ASSIGNMENT: Below are the entries to work from; restate word for word the portion that opens with the line containing "[diagram v2b: schematic, after]" and closes with the line containing "- net A0CPU", keeping both.

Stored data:
%%

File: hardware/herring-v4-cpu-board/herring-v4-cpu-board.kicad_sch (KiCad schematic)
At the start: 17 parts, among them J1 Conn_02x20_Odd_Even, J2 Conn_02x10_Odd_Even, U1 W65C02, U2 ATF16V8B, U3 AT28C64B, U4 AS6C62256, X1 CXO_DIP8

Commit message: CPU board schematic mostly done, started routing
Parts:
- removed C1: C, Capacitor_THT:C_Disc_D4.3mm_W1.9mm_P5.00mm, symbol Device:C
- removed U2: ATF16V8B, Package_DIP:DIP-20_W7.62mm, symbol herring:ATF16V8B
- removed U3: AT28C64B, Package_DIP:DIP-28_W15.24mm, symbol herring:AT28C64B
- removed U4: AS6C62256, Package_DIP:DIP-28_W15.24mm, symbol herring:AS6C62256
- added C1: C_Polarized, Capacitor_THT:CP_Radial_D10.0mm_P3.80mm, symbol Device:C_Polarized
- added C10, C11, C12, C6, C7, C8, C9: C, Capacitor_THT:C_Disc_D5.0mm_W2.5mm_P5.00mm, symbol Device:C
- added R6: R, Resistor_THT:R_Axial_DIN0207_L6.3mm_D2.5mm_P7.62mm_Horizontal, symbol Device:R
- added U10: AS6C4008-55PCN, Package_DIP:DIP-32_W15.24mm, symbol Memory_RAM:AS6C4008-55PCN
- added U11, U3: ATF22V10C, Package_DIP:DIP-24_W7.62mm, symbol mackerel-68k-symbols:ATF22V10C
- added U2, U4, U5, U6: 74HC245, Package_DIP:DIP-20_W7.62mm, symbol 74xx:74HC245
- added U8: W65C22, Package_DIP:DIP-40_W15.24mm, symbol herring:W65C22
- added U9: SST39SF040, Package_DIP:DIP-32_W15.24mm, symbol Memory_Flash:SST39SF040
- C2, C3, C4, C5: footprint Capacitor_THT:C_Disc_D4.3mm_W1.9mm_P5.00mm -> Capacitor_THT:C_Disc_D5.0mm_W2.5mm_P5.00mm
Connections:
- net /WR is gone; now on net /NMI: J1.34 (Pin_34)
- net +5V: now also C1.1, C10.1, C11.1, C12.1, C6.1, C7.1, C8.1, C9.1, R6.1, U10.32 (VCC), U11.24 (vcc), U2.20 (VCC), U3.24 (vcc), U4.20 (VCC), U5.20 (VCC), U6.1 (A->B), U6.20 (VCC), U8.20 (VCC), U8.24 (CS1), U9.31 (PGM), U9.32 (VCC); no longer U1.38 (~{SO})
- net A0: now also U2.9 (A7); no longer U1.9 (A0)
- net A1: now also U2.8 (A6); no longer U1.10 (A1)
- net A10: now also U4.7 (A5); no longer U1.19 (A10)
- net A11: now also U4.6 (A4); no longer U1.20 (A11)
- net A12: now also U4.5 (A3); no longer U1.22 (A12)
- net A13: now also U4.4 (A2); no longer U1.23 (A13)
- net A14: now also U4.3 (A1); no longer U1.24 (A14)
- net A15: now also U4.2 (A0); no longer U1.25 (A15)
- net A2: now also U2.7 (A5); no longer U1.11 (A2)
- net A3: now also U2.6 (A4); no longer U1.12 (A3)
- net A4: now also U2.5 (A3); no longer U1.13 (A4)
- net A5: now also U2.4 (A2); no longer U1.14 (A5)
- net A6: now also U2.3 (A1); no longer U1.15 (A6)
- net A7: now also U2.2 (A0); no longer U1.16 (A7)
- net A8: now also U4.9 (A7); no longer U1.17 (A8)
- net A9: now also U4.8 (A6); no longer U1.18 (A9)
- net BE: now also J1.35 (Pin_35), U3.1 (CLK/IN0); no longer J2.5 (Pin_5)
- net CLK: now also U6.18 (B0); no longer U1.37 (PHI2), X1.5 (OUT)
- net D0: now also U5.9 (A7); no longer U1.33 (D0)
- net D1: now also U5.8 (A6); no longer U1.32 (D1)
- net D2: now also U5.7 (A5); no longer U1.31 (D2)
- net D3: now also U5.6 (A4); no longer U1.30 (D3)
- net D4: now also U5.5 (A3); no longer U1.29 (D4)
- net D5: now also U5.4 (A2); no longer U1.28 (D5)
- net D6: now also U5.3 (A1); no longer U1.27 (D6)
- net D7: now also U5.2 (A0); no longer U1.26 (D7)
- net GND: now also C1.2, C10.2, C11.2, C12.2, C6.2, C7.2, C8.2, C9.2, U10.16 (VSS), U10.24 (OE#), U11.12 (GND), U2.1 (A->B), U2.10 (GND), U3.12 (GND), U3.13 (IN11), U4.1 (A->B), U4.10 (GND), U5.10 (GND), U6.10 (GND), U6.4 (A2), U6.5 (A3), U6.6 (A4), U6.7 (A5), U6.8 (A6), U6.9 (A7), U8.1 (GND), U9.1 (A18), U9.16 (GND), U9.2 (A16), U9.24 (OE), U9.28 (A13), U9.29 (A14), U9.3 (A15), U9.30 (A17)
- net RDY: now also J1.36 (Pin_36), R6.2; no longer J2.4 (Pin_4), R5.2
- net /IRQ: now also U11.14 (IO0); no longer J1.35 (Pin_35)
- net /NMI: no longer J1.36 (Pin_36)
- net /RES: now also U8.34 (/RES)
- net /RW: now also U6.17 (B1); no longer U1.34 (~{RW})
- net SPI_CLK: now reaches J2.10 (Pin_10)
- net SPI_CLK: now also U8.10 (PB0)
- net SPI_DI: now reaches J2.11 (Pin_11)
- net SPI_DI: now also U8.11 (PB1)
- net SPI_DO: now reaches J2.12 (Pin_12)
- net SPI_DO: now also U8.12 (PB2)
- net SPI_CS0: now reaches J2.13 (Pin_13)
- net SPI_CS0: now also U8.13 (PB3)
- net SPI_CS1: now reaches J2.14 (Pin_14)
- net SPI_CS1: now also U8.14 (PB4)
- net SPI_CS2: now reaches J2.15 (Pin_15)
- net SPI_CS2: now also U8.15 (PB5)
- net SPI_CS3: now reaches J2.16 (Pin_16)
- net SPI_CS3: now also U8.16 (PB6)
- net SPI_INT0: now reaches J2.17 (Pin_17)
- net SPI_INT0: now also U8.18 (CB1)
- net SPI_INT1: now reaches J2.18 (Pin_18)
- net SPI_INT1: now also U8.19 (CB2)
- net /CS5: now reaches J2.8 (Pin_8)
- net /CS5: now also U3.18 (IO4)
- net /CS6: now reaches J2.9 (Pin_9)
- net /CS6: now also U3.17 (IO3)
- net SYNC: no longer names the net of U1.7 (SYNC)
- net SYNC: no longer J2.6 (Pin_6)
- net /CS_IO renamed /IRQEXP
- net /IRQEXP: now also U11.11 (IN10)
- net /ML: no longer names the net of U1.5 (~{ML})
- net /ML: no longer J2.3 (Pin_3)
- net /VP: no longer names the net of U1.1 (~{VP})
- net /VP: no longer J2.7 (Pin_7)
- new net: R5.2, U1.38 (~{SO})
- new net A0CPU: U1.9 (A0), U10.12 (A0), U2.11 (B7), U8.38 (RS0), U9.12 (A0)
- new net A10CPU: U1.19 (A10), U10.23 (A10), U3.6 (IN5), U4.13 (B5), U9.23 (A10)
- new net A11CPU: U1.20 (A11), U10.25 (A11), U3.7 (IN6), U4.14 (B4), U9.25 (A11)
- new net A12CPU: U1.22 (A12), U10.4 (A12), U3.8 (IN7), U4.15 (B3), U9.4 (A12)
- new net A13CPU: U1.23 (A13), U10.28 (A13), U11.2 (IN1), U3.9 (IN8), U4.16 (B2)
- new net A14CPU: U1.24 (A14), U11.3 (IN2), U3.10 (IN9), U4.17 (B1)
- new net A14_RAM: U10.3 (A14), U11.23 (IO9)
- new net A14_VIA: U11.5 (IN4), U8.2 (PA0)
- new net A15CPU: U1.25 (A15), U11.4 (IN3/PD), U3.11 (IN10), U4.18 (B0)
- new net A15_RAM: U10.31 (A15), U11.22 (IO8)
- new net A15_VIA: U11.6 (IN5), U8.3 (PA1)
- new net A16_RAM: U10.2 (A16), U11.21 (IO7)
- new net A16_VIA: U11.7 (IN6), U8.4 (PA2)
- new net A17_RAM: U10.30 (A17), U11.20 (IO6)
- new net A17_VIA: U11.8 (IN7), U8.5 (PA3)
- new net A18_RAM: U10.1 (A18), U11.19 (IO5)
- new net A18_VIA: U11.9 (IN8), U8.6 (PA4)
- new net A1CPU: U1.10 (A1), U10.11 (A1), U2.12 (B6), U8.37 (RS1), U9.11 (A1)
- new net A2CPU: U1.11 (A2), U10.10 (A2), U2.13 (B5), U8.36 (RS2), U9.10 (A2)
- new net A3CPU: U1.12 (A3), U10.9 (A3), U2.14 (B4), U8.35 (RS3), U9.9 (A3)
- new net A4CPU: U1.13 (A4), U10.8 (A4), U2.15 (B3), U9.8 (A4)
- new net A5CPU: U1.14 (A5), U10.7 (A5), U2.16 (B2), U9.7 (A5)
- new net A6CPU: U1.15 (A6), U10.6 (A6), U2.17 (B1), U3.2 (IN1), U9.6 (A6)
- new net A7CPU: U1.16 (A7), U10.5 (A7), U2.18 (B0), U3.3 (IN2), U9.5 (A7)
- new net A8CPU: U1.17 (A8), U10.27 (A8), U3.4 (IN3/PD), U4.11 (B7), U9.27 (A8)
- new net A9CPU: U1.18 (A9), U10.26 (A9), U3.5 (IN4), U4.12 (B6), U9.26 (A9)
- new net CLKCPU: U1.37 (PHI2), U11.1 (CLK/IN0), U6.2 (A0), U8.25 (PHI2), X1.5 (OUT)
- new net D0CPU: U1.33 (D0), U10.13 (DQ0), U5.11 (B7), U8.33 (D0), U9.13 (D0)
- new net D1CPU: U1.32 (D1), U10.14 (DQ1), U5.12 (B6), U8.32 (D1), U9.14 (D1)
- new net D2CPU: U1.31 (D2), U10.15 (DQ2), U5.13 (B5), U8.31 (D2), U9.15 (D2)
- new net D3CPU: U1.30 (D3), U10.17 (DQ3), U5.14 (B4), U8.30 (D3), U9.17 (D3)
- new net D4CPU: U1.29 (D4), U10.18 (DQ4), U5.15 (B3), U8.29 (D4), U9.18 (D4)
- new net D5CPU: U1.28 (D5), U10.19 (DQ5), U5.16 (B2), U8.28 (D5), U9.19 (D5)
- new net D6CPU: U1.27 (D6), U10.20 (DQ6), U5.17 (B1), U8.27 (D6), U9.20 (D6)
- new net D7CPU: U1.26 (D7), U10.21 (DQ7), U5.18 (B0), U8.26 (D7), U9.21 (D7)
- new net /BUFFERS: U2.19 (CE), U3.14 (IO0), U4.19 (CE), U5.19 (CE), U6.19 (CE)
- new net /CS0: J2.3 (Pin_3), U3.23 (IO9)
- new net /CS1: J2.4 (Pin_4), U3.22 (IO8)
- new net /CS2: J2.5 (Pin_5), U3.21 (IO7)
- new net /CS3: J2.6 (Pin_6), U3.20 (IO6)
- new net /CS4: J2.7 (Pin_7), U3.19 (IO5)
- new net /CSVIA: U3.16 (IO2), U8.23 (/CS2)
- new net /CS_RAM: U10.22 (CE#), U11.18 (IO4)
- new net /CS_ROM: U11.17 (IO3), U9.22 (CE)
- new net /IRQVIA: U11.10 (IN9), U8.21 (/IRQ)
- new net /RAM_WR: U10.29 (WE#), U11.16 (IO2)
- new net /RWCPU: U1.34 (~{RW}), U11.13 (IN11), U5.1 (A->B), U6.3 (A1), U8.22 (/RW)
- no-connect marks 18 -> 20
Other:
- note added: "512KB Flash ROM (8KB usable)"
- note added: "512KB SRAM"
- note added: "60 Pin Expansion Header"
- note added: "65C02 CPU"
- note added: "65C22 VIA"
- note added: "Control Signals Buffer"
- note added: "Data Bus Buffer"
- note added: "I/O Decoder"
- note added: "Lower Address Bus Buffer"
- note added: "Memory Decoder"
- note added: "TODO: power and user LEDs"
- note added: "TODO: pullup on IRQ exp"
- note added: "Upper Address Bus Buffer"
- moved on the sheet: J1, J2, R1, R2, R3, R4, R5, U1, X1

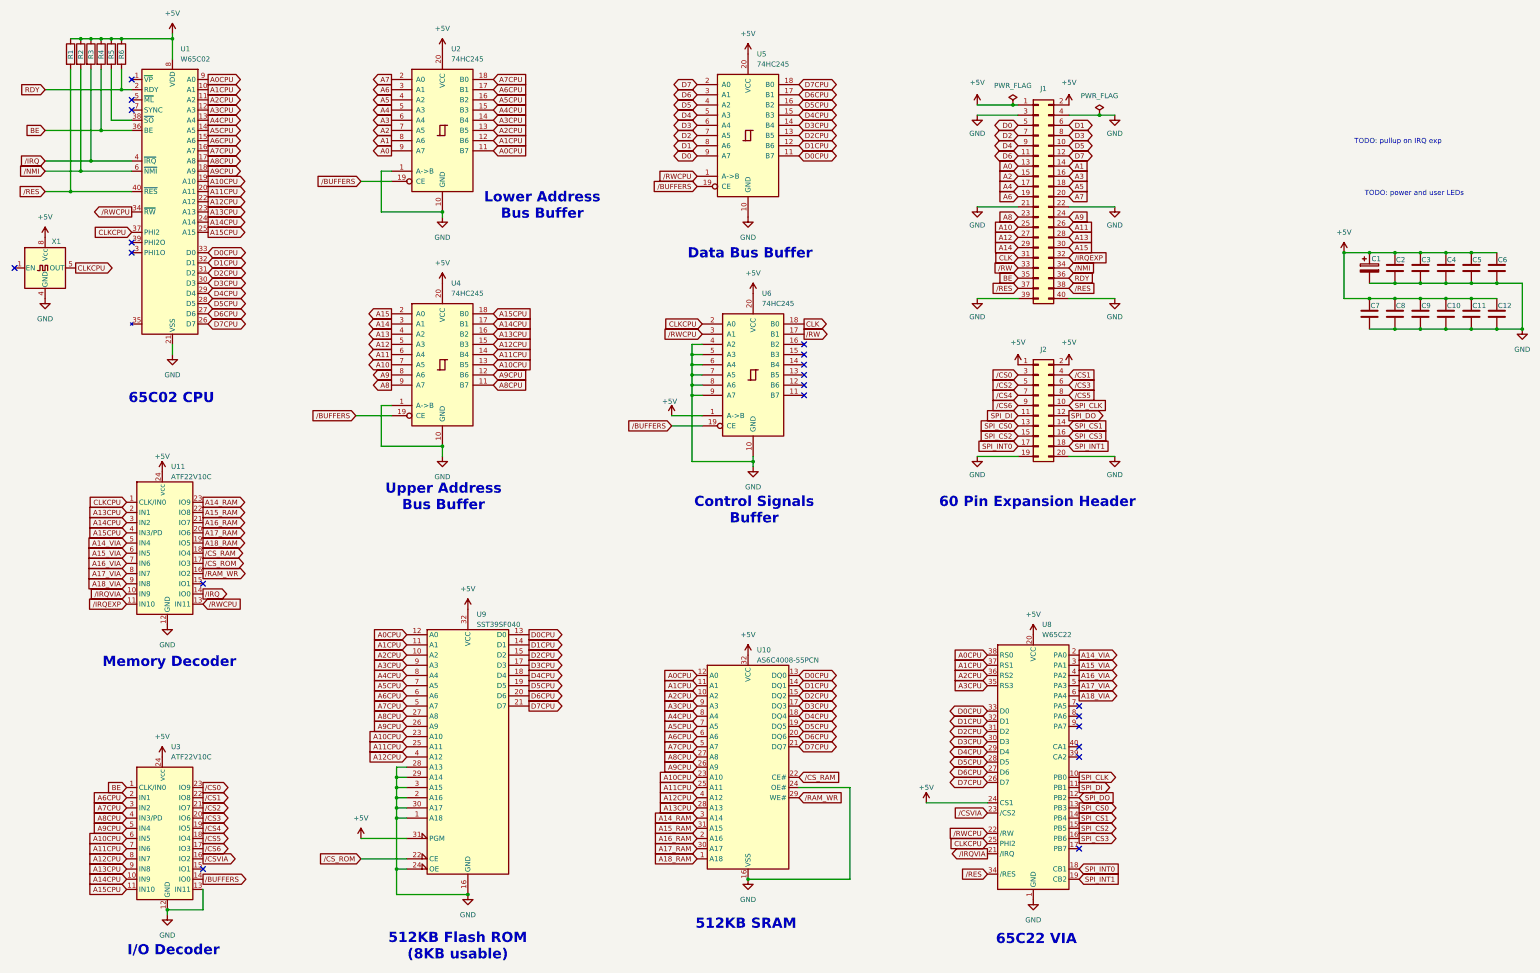
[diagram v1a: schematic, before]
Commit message: Routed buffers and expansion header
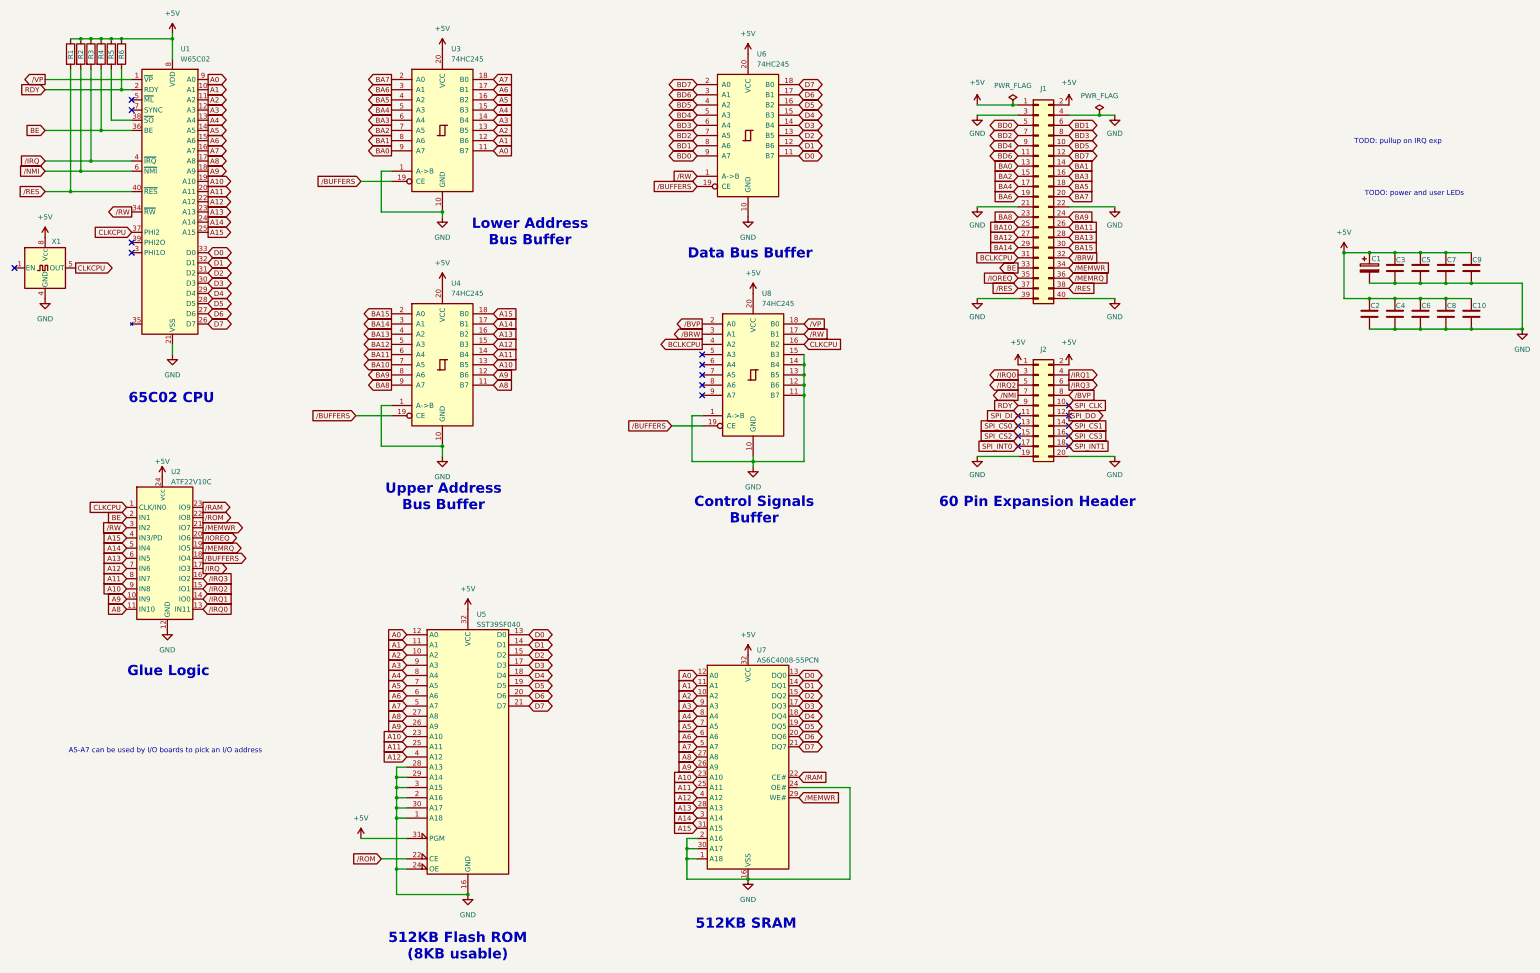
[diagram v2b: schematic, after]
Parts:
- removed C12, C6: C, Capacitor_THT:C_Disc_D5.0mm_W2.5mm_P5.00mm, symbol Device:C
- removed U11, U3: ATF22V10C, Package_DIP:DIP-24_W7.62mm, symbol mackerel-68k-symbols:ATF22V10C
- removed U8: W65C22, Package_DIP:DIP-40_W15.24mm, symbol herring:W65C22
- added U2: ATF22V10C, Package_DIP:DIP-24_W7.62mm, symbol mackerel-68k-symbols:ATF22V10C
- renumbered C11 to C10, C7 to C2, C2 to C3, C8 to C4, C3 to C5, C9 to C6, C4 to C7, C10 to C8, C5 to C9, U2 to U3, U9 to U5, U5 to U6, U10 to U7, U6 to U8
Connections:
- net A0CPU is gone; now on net A0: U1.9 (A0), U3.11 (B7), U5.12 (A0), U7.12 (A0)
- net A10CPU is gone; now on net A10: U1.19 (A10), U4.13 (B5), U5.23 (A10), U7.23 (A10)
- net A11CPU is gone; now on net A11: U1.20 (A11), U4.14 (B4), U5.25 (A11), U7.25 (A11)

%%

SOLVED EXERCISE:
[diagram v2b: schematic, after]
Parts:
- removed C12, C6: C, Capacitor_THT:C_Disc_D5.0mm_W2.5mm_P5.00mm, symbol Device:C
- removed U11, U3: ATF22V10C, Package_DIP:DIP-24_W7.62mm, symbol mackerel-68k-symbols:ATF22V10C
- removed U8: W65C22, Package_DIP:DIP-40_W15.24mm, symbol herring:W65C22
- added U2: ATF22V10C, Package_DIP:DIP-24_W7.62mm, symbol mackerel-68k-symbols:ATF22V10C
- renumbered C11 to C10, C7 to C2, C2 to C3, C8 to C4, C3 to C5, C9 to C6, C4 to C7, C10 to C8, C5 to C9, U2 to U3, U9 to U5, U5 to U6, U10 to U7, U6 to U8
Connections:
- net A0CPU is gone; now on net A0: U1.9 (A0), U3.11 (B7), U5.12 (A0), U7.12 (A0)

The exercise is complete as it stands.